The architecture has been carefully modularized:
To get a feeling for what is happening inside elephant, it is probably best to walk through the various major protocols to see how these components participate in implementing them.
with-transaction
When the main elephant open-store
function is called with a
specification, it calls get-controller which first checks to see if a
controller already exists for that spec.
If there is no controller, it calls build-controller
to
construct one. If the data store code base is not present,
load-data-store
is called to ensure that any asdf dependencies
are satisfied.
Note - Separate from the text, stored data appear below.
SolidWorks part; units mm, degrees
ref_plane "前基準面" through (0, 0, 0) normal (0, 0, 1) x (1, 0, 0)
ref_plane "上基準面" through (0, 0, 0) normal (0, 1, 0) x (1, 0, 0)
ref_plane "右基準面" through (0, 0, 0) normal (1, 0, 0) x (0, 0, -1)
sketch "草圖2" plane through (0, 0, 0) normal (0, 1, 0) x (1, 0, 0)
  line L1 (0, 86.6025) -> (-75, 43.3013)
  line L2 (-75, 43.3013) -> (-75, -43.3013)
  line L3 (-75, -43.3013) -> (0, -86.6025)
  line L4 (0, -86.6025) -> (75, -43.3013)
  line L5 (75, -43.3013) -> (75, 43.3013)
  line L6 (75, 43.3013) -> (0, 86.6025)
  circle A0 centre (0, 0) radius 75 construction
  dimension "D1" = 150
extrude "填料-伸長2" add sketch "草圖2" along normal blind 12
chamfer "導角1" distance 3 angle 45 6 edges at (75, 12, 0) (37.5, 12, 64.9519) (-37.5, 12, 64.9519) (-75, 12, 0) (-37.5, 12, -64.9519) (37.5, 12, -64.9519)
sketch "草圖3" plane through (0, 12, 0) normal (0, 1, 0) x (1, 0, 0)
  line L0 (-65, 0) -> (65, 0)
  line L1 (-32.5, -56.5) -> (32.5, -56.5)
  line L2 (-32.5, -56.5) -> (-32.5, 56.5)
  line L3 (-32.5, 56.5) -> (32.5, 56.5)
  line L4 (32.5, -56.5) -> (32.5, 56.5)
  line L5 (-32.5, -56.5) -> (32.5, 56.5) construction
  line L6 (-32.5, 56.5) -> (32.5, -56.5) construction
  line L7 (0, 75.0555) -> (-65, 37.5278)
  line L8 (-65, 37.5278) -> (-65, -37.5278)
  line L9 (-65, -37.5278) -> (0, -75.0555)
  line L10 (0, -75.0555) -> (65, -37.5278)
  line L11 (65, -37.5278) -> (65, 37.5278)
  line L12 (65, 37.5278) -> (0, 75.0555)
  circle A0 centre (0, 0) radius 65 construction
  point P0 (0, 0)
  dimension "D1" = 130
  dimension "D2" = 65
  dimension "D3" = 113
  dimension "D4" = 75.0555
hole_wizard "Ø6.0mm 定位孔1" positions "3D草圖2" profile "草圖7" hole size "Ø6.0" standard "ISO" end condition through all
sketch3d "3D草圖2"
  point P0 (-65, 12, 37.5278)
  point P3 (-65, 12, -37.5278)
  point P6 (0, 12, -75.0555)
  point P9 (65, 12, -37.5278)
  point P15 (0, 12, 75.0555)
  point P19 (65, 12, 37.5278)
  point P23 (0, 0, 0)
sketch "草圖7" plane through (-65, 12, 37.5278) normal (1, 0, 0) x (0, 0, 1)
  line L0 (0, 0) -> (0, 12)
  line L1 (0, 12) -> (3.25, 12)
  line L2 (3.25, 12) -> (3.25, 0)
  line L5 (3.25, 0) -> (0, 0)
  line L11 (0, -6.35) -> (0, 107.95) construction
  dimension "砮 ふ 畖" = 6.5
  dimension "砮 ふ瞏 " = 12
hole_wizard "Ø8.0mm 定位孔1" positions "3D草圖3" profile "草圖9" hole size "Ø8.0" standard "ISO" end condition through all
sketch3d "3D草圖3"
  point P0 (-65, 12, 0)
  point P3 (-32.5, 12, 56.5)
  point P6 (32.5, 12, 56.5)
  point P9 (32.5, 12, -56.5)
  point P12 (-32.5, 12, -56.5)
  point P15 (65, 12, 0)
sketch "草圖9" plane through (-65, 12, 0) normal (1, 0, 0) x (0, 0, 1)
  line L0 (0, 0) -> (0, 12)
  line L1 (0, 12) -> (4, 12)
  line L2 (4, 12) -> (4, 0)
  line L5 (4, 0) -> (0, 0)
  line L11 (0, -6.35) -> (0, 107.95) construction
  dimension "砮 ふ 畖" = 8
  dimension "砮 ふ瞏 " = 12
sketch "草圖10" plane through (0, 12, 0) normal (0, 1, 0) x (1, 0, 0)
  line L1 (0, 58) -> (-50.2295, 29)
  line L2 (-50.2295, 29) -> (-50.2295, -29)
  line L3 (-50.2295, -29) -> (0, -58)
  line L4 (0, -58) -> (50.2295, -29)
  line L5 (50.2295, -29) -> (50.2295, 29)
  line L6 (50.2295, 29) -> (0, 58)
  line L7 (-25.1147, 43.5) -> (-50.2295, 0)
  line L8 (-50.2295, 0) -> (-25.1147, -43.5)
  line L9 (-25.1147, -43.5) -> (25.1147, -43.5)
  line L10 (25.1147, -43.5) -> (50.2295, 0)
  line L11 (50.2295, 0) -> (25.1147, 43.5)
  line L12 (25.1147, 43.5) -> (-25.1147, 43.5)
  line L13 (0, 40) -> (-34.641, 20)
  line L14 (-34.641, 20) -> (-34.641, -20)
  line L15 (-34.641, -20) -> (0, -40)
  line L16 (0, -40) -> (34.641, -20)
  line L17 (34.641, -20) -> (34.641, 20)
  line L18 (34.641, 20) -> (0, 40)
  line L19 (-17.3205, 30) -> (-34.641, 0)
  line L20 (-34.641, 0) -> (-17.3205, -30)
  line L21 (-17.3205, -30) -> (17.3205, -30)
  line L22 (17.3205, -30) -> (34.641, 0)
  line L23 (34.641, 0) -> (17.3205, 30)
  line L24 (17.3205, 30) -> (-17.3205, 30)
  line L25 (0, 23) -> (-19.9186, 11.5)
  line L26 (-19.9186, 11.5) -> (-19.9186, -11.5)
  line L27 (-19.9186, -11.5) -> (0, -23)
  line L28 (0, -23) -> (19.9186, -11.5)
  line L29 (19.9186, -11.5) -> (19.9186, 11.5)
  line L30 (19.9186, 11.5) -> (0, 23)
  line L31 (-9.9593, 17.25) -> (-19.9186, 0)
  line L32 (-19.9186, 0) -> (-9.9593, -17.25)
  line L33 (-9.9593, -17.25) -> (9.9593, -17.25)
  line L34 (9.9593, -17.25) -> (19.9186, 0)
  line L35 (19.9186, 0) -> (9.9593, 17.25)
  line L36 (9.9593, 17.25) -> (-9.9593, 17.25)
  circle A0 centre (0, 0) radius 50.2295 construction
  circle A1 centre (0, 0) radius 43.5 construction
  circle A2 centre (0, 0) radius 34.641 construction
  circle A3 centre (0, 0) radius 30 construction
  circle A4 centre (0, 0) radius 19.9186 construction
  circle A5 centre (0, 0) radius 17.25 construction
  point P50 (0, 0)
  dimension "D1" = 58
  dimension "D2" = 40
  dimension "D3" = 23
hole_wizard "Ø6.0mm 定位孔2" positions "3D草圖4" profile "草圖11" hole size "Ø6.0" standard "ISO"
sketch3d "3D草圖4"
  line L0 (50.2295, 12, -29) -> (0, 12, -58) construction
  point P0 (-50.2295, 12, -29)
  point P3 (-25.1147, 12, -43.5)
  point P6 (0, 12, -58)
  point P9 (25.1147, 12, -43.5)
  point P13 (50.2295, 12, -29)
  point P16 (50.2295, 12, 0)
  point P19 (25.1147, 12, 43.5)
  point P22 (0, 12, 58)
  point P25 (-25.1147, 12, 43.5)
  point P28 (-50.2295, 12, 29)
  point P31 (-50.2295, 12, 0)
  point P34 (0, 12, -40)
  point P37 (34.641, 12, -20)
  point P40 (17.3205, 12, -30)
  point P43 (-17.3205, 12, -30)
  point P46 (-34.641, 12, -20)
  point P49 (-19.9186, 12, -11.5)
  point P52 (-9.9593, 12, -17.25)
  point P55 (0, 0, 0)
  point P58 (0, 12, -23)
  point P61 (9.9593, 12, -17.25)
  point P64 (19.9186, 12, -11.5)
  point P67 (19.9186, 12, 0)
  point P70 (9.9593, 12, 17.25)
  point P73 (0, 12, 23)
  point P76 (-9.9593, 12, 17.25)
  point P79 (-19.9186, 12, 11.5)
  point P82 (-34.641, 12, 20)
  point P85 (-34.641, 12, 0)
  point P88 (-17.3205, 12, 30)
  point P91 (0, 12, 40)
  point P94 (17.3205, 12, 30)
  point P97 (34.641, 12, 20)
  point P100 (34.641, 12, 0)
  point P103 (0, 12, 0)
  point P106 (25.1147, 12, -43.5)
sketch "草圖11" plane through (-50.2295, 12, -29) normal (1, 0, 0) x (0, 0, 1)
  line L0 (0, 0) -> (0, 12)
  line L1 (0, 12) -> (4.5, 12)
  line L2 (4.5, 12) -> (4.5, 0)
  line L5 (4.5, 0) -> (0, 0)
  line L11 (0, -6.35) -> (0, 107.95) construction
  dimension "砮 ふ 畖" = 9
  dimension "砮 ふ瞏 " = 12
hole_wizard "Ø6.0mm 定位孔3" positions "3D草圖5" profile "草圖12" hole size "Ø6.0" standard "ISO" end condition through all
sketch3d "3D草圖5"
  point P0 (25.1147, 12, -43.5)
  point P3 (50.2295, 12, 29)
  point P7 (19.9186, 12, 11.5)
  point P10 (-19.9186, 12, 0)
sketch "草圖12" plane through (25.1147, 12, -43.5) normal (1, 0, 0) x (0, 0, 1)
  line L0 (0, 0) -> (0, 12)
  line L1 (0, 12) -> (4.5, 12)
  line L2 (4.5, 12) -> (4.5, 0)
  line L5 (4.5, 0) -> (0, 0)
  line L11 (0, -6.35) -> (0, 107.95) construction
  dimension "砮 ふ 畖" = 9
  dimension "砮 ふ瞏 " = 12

The associations for asdf dependencies are statically
configured in *elephant-data-stores*
for each data store type
supported by elephant.
While being loaded, the data store is responsible for calling
register-data-store-con-init
to register a data store
initialization function for its spec type (i.e. :BDB or :CLSQL).
For example, from bdb-controller.lisp:
(eval-when (:compile-toplevel :load-toplevel) (register-data-store-con-init :bdb 'bdb-test-and-construct))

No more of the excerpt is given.